# Narrowing Down - Final Choice ???



## KirinChris (Mar 20, 2017)

I've been reading lots of reviews and comments which have been really helpful but I still need some help in making a final choice for my first 'real' espresso machine (currently using a little Gaggia). I'm going to LCF on the weekend hoping to get some more inspiration but would welcome some advice here please to confirm or correct my assumptions.

A little background context:


I'm the only coffee drinker in our house and I tend to have one mid-morning and another after lunch so I'm not pulling multiple shots in a row.

I work from home and it's not usually a problem to wait for things to heat up. Noise isn't an issue either.

I tend to go for flat white, occasionally espresso, and I want to improve my latte art skills so steaming is important for me.

Budget - if I can get away with machine and grinder for around £1500 I'll be happy. But if there's a compelling reason I could spend that on the machine and just not tell my wife about the grinder.


So, given my light usage am I right in thinking that maybe a dual boiler is nice but not essential? Is the main advantage in temperature stability for multiple shots?

Is there any difference in steaming, or is that pretty much the same across the board (other than issues like the steaming tip holes... and my technique of course !)

I noticed some machines are 1200w and some 1400w. Does that make any difference other than maybe waiting a bit longer to heat up?

So far my 'in-budget' options are:


Profitec 500 - if I had to buy right now this would be my choice. It seems to be good value and do everything I need.

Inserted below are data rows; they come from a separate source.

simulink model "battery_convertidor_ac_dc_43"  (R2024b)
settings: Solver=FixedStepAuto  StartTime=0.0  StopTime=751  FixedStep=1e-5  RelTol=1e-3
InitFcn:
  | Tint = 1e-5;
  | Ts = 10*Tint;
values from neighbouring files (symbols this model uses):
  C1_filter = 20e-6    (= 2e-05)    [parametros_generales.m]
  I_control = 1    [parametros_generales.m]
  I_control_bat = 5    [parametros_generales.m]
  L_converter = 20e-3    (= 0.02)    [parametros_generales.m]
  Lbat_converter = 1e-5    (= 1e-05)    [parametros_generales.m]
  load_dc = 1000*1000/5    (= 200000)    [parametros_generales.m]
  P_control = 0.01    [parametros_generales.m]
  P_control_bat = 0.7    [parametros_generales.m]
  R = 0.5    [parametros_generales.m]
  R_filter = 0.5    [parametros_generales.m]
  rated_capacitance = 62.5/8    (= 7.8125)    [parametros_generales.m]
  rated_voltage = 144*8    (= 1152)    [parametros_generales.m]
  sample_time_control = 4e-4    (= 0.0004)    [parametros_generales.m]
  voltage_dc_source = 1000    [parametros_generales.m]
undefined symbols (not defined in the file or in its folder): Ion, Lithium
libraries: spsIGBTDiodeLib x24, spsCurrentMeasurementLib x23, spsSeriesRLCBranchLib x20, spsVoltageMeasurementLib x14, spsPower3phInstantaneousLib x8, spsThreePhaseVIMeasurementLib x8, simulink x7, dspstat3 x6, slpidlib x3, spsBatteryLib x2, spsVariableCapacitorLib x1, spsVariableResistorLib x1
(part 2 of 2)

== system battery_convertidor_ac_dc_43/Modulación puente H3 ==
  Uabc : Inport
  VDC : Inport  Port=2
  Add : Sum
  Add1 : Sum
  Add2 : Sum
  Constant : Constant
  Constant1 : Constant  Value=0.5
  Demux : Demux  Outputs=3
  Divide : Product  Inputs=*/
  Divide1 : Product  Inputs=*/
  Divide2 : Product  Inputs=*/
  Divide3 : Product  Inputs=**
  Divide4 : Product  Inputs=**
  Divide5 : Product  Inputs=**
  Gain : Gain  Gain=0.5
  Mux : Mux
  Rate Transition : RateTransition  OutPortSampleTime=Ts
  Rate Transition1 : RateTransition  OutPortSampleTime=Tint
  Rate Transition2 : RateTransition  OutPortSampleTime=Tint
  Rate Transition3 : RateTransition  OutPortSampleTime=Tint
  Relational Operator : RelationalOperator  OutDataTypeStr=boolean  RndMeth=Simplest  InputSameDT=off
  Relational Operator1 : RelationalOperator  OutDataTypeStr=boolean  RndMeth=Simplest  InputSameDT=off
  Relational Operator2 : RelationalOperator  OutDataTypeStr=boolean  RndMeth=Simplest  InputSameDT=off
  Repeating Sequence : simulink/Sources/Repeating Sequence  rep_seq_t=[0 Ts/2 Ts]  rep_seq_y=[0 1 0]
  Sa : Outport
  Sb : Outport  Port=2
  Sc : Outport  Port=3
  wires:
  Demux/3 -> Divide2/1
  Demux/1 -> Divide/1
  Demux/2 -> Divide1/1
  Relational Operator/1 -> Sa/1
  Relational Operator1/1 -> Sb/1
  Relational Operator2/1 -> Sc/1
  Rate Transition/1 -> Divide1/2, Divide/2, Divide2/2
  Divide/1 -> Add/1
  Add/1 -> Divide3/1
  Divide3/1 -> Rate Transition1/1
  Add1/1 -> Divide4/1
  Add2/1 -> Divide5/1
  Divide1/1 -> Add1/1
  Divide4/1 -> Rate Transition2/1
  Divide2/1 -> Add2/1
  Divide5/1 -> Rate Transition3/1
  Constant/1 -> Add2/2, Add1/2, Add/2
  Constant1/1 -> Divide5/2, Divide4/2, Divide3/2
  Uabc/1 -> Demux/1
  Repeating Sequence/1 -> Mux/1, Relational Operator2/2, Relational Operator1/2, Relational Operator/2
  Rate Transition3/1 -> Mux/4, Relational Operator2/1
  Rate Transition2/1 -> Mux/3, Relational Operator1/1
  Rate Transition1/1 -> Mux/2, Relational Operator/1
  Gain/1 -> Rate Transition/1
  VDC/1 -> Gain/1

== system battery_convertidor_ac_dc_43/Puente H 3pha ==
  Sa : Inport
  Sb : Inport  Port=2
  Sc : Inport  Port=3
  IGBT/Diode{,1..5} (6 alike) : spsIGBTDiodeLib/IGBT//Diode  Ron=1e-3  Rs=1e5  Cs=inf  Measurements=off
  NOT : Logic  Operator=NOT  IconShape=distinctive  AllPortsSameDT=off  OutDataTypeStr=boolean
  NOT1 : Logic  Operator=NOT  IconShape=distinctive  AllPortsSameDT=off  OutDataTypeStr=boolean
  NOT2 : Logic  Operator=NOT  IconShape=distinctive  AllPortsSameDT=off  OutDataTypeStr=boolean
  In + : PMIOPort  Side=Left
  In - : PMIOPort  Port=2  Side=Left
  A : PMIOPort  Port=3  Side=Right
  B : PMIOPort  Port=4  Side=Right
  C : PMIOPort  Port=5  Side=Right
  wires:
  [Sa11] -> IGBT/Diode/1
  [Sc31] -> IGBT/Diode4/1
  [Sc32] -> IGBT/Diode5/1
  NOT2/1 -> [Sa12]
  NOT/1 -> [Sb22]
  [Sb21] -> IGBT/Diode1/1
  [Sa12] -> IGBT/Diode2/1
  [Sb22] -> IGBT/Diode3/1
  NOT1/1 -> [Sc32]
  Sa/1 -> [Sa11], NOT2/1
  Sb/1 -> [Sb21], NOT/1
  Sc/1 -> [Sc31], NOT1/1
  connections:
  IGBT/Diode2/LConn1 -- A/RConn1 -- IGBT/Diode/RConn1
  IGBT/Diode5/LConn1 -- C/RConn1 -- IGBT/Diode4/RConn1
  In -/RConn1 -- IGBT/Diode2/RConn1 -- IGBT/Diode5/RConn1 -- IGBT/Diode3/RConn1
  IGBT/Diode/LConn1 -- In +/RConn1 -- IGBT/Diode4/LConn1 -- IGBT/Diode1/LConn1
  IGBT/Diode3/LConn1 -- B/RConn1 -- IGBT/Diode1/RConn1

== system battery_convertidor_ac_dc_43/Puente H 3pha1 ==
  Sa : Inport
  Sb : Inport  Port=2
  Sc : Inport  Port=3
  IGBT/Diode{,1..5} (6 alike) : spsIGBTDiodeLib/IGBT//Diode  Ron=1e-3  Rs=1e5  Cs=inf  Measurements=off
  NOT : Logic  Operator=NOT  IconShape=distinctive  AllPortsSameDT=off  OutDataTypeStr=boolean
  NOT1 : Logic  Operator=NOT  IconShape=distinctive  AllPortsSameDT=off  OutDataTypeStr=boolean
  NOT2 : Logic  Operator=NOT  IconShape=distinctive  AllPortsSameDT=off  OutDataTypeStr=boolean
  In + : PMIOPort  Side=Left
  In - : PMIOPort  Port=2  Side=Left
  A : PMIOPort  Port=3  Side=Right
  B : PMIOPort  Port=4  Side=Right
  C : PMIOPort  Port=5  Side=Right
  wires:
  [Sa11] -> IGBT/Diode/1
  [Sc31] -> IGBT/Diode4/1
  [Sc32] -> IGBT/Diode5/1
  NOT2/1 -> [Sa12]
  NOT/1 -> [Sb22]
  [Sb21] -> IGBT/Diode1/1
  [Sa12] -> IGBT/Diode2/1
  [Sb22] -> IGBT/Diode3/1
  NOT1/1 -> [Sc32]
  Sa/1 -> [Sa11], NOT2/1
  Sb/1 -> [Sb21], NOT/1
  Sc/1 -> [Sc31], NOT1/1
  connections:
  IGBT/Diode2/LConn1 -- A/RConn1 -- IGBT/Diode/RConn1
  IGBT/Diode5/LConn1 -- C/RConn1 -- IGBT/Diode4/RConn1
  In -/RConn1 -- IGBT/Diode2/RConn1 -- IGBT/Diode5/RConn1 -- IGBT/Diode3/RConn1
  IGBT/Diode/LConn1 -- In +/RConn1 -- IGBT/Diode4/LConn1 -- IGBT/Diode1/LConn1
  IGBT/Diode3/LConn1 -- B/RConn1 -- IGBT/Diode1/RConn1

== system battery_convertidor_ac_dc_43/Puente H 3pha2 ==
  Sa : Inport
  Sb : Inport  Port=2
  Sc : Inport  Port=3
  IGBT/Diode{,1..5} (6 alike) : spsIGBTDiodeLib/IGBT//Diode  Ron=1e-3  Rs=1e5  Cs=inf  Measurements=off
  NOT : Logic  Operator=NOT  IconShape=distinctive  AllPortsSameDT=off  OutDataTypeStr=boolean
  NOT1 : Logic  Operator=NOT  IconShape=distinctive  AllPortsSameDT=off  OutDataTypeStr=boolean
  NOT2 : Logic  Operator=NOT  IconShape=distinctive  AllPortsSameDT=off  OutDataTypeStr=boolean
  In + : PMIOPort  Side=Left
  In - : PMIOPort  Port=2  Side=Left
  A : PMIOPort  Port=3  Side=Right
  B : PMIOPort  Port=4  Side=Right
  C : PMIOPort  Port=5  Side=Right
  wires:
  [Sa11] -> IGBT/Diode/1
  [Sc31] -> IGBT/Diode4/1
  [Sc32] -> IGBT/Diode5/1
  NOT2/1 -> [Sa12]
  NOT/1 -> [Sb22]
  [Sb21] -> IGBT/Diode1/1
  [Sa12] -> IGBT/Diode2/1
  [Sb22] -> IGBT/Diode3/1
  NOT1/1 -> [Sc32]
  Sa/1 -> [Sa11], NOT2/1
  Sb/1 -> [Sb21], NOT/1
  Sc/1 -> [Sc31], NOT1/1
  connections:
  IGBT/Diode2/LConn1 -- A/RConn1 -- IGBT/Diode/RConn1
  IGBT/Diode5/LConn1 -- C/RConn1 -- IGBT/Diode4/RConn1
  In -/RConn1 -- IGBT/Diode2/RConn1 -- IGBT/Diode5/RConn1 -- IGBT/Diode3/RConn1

ECM Barista - looks very similar and some deals at BB with grinders.

Rocket Appartamento - haven't seen so many details on this so I'm not sure if the price has been achieved by removing something I would wish I had.


Then there are the over-budget options.


Rocket Giotto - has PID control and rotary pump, and I like the slightly diifferent look.

ECM Mechanika IV - no PID but frankly I have great faith in things built by Germans.

Rocket R58 or Profitec 700 - this is way over budget, but if a dual boiler is going to be absolutely superior then maybe...


Let's leave grinders for another time...

From the above what would you go for... or is there something else I should be considering?

I fear I will come back from LCF even more confused


----------



## 4085 (Nov 23, 2012)

Go and see the Bella Barista stand at LCF. I believe the have Rocket, Profitec or ECM and a couple of others on their stand


----------



## MediumRoastSteam (Jul 7, 2015)

Hi, welcome to the forum. It looks like you've done your homework and narrowed down your choices. All the machines above are really good.

- PID on an HX machine will not give you any advantage to control temperature due to the design. The PID controls the water temp. inside the service boiler, usually set to around 123C-126C, which equates to 1.1bar and 1.3bar.

- I would encourage to you to understand well the HX (Heat Exchange) vs DB (Dual Boiler) architecture, and for that there are plenty of resources in this forum.

In my opinion, I'd go for a DB machine. However, if you don't mind the nuances and routines of an HX machine and it's more simple design, that may be the type of machine for you. There is a big difference between them. My prosumer journey, I've started with a HX and shortly after upgraded to a DB machine. 

Also, don't overlook the grinder. It's more important than the machine IMO.

When you finally make your shortlist shorter, a trip to Bella Barista is well worth spent time.

Good luck!


----------



## 4085 (Nov 23, 2012)

BB sell one of the best HX machines going, the Orchestrale Nota......although an HX by design, it also has a thermos-hon which acts as a continual loop cycling the water to and from the boiler via the group, which eliminates the need for a cooling flush. Plus it is rotary pump, very stylish and I have had one and would go bak to one without a thought if I ever changed from a lever again.......on the negative side, it is slightly out of your budget!


----------



## KirinChris (Mar 20, 2017)

MediumRoastSteam said:


> Also, don't overlook the grinder. It's more important than the machine IMO.


Yes absolutely, that's part of my budget thinking - I want to leave some room to have a choice of grinders, not just go for the cheapest option.

Although from what I've read the Eureka Mignon is perfectly OK at the lower end of the range.


----------



## KirinChris (Mar 20, 2017)

dfk41 said:


> BB sell one of the best HX machines going, the Orchestrale Nota......although an HX by design, it also has a thermos-hon which acts as a continual loop cycling the water to and from the boiler via the group, which eliminates the need for a cooling flush. Plus it is rotary pump, very stylish and I have had one and would go bak to one without a thought if I ever changed from a lever again.......on the negative side, it is slightly out of your budget!


Thanks, I certainly plan to see BB at the LCF.

I've seen the levers but not really thought of that as an option. The Londiniums certainly look beautiful (and above my price range :-() but it also seemed like something I should graduate to rather than start with.

What's the benefit of a lever machine?


----------



## 4085 (Nov 23, 2012)

the nota is a pump machine. a lever extracts the coffee via the pressure applied by the spring, so it is far more gently, whereas as a pump machine extracts via a pump at a continuous pressure which ir normally higher. The original machines were lever machines and funnily enough, if you have a profiling machine whereby you can dictate how long and at what pressure it extracts, you often findd the preferred profile mimics a lever!


----------



## kennyboy993 (Jan 23, 2017)

I was in a very similar situation and budget to you Chris.

30 mins after arriving at BB I knew it had to be the mechanika. The ecm seemed a different quality class in the flesh to other machines.

I've been really happy with it - great coffee and something to be proud of as it's such a lovely piece of engineering.

A bit more money than your current budget when paired with a mignon as I did though worth it imo.

Natural upgrade is to move on from the mignon at some point - or add a second with bigger burrs


----------



## PeterF (Aug 25, 2014)

Good advice ?


----------